In the context of a specific (dis)ability like childhood speech production, and in the context of a within-family sibling comparison, how we make sense of genetic differences between people slips free from the noose of inegalitarianism. We can, perhaps, talk about genetic differences between people without slotting them into a hierarchy of human worth. We can, perhaps, acknowledge that people are not born with an equal statistical likelihood of experiencing certain life outcomes, without justifying the differences in life outcomes among them as inevitable and natural.

Why is this difficult to do (and it is difficult) when we are considering genetic differences in relation to social inequalities? In contrast to speech impairments in childhood, a concept like “intelligence” is more easily seen as inherently hierarchical. When we are talking about DNA, the word “worth” has a subtly dangerous double meaning: someone’s net worth, in terms of the market value of their financial assets, can be too easily conflated with their intrinsic worth as humans. When net worth is associated with genetic differences, it is tempting to slip into thinking that intrinsic worth is also tied to one’s DNA. In this chapter, I want to consider the historical reasons behind why genetic research on some human outcomes - scores on intelligence tests foremost among them - automatically activate notions about human inferiority and superiority. I then want to consider alternative examples of human phenotypes - such as height, deafness, and autism - where genetic research has been largely embraced rather than rejected as dangerous. Can we look to these examples to broaden our intuitions about whether genetic research on social inequality is necessarily dangerous?

 …

Recognizing that genetics are important for understanding who is tall, or who develops autism, or who is born deaf, is largely uncontroversial. These communities don’t stake their claims to equity and inclusion on genetic sameness. Genes are not always a problem to be fixed, or the only problem to be fixed. People are not the problem to be fixed. The problem to be fixed is society’s recalcitrant unwillingness to arrange itself in a way that allows them to participate.

In the same vein, we can recognize that genetics are important for understanding who develops the cognitive abilities and non-cognitive skills that are valued in the formal education systems of high-income countries.

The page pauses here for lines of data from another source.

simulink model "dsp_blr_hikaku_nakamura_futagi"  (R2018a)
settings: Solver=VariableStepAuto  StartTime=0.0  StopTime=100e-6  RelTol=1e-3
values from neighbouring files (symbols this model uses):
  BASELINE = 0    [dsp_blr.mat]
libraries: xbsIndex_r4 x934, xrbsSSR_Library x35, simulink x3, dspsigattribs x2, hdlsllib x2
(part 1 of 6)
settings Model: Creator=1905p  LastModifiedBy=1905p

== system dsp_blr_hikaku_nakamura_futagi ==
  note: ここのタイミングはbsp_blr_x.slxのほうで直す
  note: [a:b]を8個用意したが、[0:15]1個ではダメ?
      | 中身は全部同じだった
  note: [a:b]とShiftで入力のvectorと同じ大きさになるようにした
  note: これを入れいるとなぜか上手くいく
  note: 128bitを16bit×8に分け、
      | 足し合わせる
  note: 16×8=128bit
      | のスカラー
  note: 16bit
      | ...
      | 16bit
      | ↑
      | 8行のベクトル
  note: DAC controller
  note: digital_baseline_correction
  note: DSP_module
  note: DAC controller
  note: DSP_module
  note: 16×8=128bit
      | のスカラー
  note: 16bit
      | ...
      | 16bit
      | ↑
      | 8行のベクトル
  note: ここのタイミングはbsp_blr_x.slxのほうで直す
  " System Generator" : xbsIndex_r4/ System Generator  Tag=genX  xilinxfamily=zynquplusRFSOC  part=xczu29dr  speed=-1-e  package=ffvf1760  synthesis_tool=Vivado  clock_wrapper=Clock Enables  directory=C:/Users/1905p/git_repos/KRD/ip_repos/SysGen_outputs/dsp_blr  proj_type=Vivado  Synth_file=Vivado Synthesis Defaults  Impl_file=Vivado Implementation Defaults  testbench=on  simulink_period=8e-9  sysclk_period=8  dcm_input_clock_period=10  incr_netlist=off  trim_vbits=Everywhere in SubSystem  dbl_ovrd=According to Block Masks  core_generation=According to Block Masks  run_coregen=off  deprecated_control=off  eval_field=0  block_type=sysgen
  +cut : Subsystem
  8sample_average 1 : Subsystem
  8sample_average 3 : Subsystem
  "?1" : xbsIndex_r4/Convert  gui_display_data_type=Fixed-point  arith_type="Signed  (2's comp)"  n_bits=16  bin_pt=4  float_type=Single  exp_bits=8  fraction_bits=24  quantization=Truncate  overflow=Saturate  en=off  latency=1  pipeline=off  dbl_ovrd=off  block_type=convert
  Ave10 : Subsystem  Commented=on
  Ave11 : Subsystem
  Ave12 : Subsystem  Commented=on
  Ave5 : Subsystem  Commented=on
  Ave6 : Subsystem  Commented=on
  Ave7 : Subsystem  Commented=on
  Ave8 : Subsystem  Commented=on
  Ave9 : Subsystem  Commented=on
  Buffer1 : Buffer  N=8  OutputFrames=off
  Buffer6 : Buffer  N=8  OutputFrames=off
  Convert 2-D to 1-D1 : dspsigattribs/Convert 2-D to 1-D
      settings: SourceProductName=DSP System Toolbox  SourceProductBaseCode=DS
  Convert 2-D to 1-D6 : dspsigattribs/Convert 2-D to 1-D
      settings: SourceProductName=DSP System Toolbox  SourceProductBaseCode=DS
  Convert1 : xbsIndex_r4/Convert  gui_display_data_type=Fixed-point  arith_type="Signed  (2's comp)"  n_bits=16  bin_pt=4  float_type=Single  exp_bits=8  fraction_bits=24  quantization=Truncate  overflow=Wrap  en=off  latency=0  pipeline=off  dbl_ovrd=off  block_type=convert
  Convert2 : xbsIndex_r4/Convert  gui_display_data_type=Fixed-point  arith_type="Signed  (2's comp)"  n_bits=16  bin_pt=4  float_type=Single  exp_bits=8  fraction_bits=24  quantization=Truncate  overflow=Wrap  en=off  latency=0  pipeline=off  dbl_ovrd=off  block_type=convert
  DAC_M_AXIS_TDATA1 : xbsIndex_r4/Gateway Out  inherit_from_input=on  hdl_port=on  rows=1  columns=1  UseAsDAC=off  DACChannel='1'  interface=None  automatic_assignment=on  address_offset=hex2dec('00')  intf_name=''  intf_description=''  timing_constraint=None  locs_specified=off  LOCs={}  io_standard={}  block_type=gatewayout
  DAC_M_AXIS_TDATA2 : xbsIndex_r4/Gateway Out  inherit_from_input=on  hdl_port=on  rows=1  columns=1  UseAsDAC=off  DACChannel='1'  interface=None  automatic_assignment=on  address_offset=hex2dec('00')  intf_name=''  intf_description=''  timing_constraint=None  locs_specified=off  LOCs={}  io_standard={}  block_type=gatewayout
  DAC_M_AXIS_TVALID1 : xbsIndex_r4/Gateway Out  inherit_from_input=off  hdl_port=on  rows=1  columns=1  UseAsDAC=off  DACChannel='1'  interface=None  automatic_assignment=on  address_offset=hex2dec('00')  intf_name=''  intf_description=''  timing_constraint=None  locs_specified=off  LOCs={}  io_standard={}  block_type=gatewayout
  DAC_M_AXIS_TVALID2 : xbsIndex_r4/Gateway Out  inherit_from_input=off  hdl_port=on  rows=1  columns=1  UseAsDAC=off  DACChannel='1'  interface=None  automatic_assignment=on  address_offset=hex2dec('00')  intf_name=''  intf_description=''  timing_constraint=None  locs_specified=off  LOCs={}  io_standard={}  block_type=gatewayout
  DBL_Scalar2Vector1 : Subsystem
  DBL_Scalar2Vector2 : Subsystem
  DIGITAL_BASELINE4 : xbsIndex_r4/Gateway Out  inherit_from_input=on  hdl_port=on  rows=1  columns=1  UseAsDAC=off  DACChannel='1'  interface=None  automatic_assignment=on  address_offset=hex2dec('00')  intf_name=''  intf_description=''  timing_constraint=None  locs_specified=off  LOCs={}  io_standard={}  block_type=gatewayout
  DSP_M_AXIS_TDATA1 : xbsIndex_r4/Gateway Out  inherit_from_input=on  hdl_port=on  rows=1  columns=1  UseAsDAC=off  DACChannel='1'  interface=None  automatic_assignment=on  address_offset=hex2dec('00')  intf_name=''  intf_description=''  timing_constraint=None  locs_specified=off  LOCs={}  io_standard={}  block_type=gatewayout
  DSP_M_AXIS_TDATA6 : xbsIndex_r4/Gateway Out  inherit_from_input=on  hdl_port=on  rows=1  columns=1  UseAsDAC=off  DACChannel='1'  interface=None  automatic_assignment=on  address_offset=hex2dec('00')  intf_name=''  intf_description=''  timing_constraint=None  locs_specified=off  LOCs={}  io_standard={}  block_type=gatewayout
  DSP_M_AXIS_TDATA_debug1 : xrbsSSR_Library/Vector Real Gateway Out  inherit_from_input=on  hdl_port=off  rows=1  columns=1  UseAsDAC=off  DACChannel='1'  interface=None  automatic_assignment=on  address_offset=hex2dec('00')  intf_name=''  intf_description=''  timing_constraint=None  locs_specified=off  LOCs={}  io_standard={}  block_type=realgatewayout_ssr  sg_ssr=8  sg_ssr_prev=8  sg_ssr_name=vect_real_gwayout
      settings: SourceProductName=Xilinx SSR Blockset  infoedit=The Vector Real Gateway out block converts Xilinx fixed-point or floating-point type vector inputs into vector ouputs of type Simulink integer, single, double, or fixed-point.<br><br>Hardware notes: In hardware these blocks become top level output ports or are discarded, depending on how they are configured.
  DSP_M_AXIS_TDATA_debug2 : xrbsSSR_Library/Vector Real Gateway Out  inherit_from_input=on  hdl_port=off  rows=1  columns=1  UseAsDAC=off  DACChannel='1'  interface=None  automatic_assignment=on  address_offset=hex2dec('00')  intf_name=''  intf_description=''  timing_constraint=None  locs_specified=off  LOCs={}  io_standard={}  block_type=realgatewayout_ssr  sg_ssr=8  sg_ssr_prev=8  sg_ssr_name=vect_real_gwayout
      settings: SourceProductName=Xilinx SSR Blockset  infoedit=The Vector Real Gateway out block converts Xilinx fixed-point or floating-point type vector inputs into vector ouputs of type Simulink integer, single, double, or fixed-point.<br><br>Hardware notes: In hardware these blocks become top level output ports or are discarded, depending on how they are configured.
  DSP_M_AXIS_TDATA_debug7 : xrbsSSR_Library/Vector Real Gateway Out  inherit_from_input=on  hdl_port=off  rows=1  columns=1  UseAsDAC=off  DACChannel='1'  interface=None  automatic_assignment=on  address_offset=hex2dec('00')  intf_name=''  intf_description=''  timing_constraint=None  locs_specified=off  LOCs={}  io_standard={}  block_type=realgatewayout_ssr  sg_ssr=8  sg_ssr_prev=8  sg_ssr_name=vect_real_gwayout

People need not stake their claims to equity and inclusion on genetic sameness, or on the irrelevance of genetic difference for human psychology. Rather, the problem to be fixed is society’s recalcitrant unwillingness to arrange itself in ways that allow everyone, regardless of which genetic variants they inherit, to participate fully in the social and economic life of this country.

The question becomes, then: How can public spaces and working conditions and access to medical care and legal­ codes and social norms be reimagined,  such that the “arbitrariness of nature” is not crystallized into an inflexible caste system?